● **Action item**: Nothing but the lines below from the first through the one with "msp = doc.modelspace()" should appear, printed exactly; please leave pictures out.

[Data entries]
============

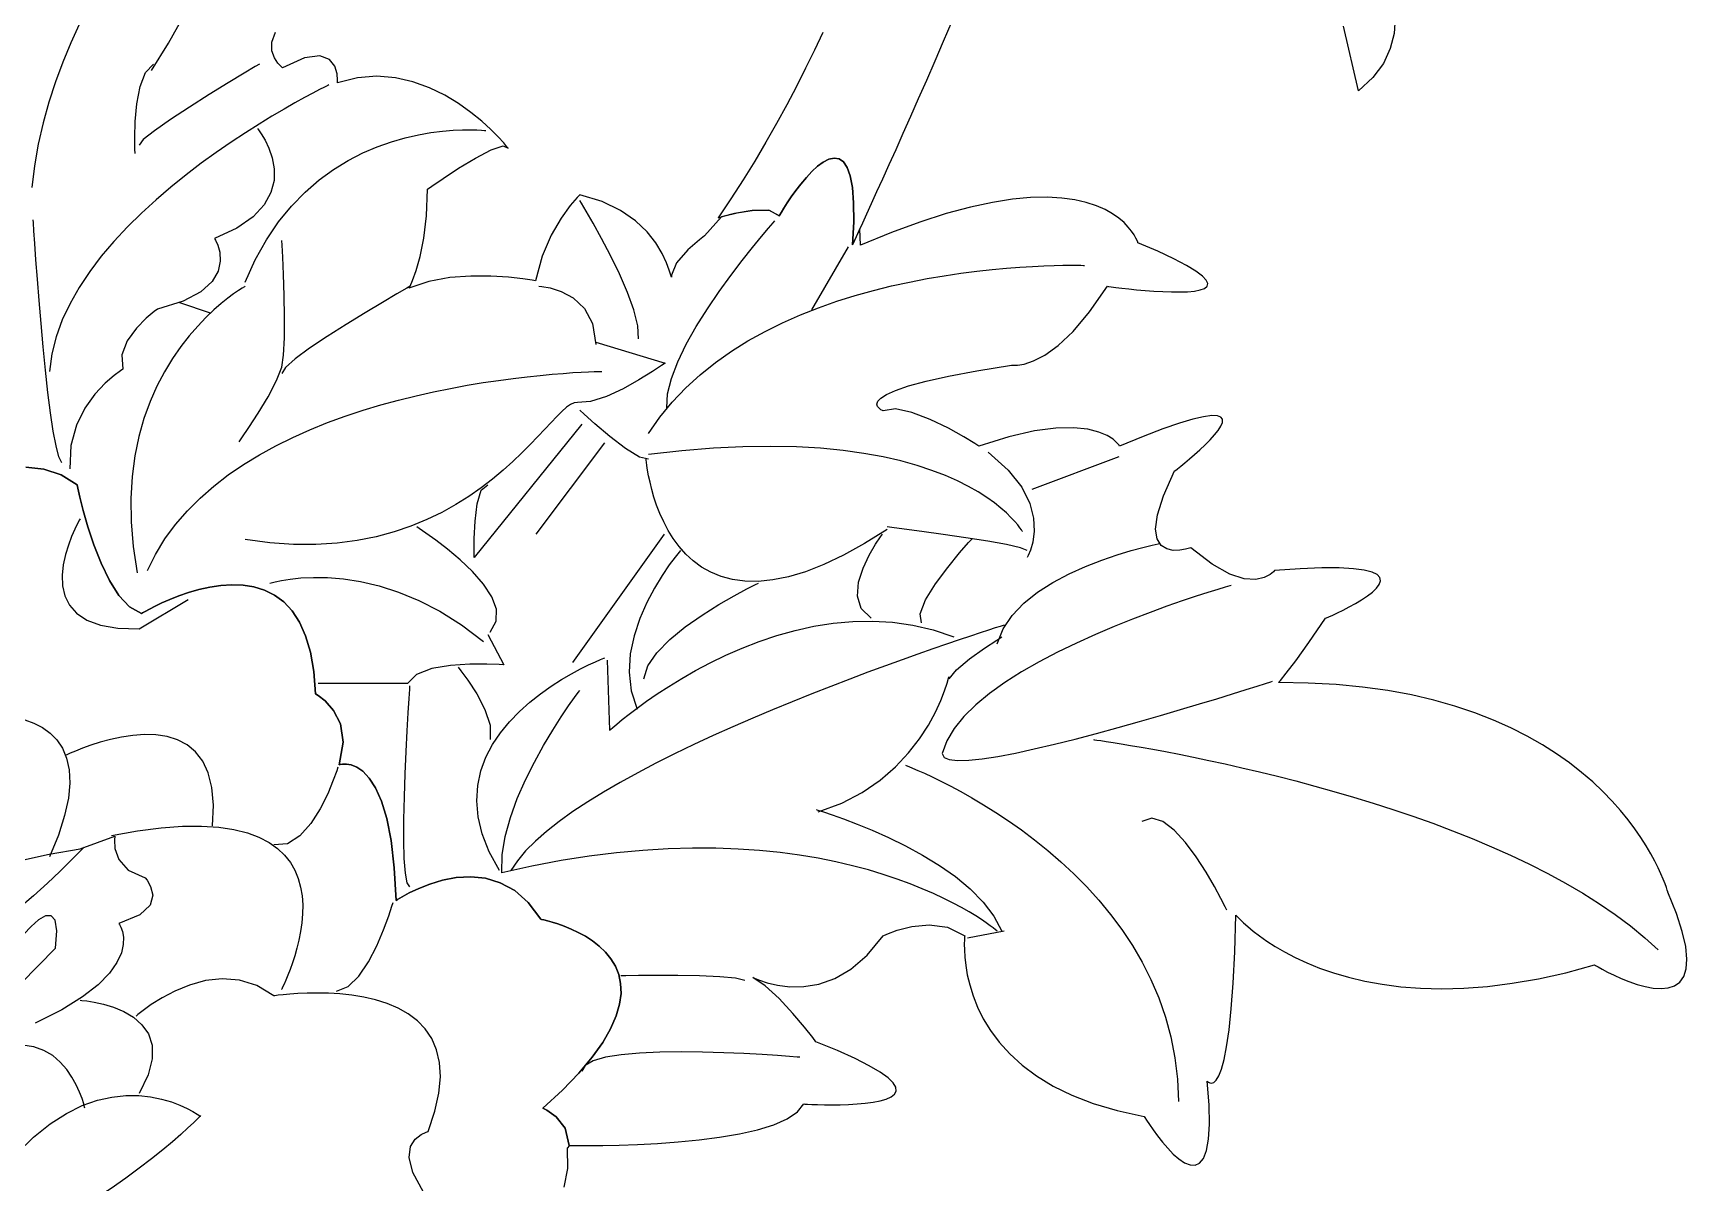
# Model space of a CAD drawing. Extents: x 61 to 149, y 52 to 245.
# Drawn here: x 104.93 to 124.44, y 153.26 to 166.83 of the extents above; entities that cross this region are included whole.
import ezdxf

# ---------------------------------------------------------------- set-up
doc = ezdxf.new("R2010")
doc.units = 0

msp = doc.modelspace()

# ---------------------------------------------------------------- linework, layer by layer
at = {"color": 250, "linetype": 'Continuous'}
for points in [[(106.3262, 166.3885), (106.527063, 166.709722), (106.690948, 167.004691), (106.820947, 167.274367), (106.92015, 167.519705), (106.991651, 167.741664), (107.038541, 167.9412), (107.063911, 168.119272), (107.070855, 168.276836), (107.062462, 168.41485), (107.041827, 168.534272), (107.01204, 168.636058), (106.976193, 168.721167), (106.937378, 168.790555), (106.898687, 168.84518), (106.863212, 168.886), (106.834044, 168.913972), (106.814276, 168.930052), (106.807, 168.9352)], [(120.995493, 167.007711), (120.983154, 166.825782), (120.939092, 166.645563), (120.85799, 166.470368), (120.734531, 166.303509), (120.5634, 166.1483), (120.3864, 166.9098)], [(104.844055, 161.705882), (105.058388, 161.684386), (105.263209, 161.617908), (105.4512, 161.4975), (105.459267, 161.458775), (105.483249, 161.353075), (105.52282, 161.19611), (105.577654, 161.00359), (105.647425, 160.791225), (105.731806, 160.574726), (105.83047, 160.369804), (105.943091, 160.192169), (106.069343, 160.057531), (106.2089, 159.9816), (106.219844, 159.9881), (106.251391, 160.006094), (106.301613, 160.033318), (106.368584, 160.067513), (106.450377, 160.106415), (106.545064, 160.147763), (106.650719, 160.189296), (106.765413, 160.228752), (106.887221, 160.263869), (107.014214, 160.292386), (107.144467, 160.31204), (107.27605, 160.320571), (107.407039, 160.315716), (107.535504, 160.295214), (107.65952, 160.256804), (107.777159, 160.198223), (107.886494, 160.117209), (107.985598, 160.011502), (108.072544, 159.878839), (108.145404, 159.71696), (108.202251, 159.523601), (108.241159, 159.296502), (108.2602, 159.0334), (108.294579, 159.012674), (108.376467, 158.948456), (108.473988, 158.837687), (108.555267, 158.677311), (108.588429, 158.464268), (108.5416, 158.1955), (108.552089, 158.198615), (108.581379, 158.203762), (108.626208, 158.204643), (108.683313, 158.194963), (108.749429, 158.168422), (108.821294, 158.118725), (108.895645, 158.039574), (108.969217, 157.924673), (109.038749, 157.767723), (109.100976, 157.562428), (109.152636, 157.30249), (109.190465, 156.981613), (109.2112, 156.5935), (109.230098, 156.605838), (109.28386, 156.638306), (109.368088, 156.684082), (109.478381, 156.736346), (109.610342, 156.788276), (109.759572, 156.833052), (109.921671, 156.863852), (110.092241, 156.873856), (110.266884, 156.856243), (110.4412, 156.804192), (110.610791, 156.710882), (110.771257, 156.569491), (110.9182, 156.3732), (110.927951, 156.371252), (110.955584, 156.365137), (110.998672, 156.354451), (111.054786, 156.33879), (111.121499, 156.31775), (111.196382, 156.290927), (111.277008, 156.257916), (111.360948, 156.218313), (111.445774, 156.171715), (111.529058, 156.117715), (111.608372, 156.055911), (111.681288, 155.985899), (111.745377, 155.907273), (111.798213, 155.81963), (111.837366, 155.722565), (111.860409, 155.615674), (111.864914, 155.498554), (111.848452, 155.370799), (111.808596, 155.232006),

============

● **Exercise result**:
# Model space of a CAD drawing. Extents: x 61 to 149, y 52 to 245.
# Drawn here: x 104.93 to 124.44, y 153.26 to 166.83 of the extents above; entities that cross this region are included whole.
import ezdxf

# ---------------------------------------------------------------- set-up
doc = ezdxf.new("R2010")
doc.units = 0

msp = doc.modelspace()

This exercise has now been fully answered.